Exercise data:
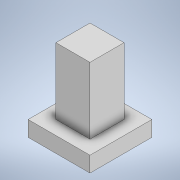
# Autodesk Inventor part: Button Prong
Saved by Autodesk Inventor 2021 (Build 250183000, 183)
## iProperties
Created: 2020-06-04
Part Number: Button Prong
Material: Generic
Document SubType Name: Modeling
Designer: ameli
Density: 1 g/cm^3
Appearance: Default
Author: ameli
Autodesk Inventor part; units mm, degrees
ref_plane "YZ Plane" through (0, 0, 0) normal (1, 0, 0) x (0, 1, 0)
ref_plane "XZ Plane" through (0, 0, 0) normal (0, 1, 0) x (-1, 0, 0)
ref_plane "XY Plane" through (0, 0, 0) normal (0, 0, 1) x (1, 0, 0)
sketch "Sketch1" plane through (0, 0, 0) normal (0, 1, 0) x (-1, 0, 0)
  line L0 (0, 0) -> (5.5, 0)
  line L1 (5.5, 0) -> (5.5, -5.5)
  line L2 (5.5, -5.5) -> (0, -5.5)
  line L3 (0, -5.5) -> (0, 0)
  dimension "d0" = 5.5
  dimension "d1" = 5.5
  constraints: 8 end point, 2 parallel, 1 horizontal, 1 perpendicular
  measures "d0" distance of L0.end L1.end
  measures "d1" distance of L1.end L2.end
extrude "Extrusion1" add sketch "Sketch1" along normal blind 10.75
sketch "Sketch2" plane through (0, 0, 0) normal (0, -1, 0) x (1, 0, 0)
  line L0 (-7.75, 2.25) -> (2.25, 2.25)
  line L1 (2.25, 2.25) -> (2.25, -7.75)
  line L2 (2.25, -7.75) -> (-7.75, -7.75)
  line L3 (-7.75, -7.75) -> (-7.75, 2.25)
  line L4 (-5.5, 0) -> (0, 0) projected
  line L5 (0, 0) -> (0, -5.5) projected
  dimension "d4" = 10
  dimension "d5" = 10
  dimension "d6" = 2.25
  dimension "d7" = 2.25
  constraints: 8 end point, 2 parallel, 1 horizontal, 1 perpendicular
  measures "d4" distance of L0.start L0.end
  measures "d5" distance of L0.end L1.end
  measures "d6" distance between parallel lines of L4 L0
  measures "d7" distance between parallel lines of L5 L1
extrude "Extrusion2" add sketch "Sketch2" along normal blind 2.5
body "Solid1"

Aim of the exercise: The expected output is every entry above, character for character, with no pictures.

Reply to the task:
# Autodesk Inventor part: Button Prong
Saved by Autodesk Inventor 2021 (Build 250183000, 183)
## iProperties
Created: 2020-06-04
Part Number: Button Prong
Material: Generic
Document SubType Name: Modeling
Designer: ameli
Density: 1 g/cm^3
Appearance: Default
Author: ameli
Autodesk Inventor part; units mm, degrees
ref_plane "YZ Plane" through (0, 0, 0) normal (1, 0, 0) x (0, 1, 0)
ref_plane "XZ Plane" through (0, 0, 0) normal (0, 1, 0) x (-1, 0, 0)
ref_plane "XY Plane" through (0, 0, 0) normal (0, 0, 1) x (1, 0, 0)
sketch "Sketch1" plane through (0, 0, 0) normal (0, 1, 0) x (-1, 0, 0)
  line L0 (0, 0) -> (5.5, 0)
  line L1 (5.5, 0) -> (5.5, -5.5)
  line L2 (5.5, -5.5) -> (0, -5.5)
  line L3 (0, -5.5) -> (0, 0)
  dimension "d0" = 5.5
  dimension "d1" = 5.5
  constraints: 8 end point, 2 parallel, 1 horizontal, 1 perpendicular
  measures "d0" distance of L0.end L1.end
  measures "d1" distance of L1.end L2.end
extrude "Extrusion1" add sketch "Sketch1" along normal blind 10.75
sketch "Sketch2" plane through (0, 0, 0) normal (0, -1, 0) x (1, 0, 0)
  line L0 (-7.75, 2.25) -> (2.25, 2.25)
  line L1 (2.25, 2.25) -> (2.25, -7.75)
  line L2 (2.25, -7.75) -> (-7.75, -7.75)
  line L3 (-7.75, -7.75) -> (-7.75, 2.25)
  line L4 (-5.5, 0) -> (0, 0) projected
  line L5 (0, 0) -> (0, -5.5) projected
  dimension "d4" = 10
  dimension "d5" = 10
  dimension "d6" = 2.25
  dimension "d7" = 2.25
  constraints: 8 end point, 2 parallel, 1 horizontal, 1 perpendicular
  measures "d4" distance of L0.start L0.end
  measures "d5" distance of L0.end L1.end
  measures "d6" distance between parallel lines of L4 L0
  measures "d7" distance between parallel lines of L5 L1
extrude "Extrusion2" add sketch "Sketch2" along normal blind 2.5
body "Solid1"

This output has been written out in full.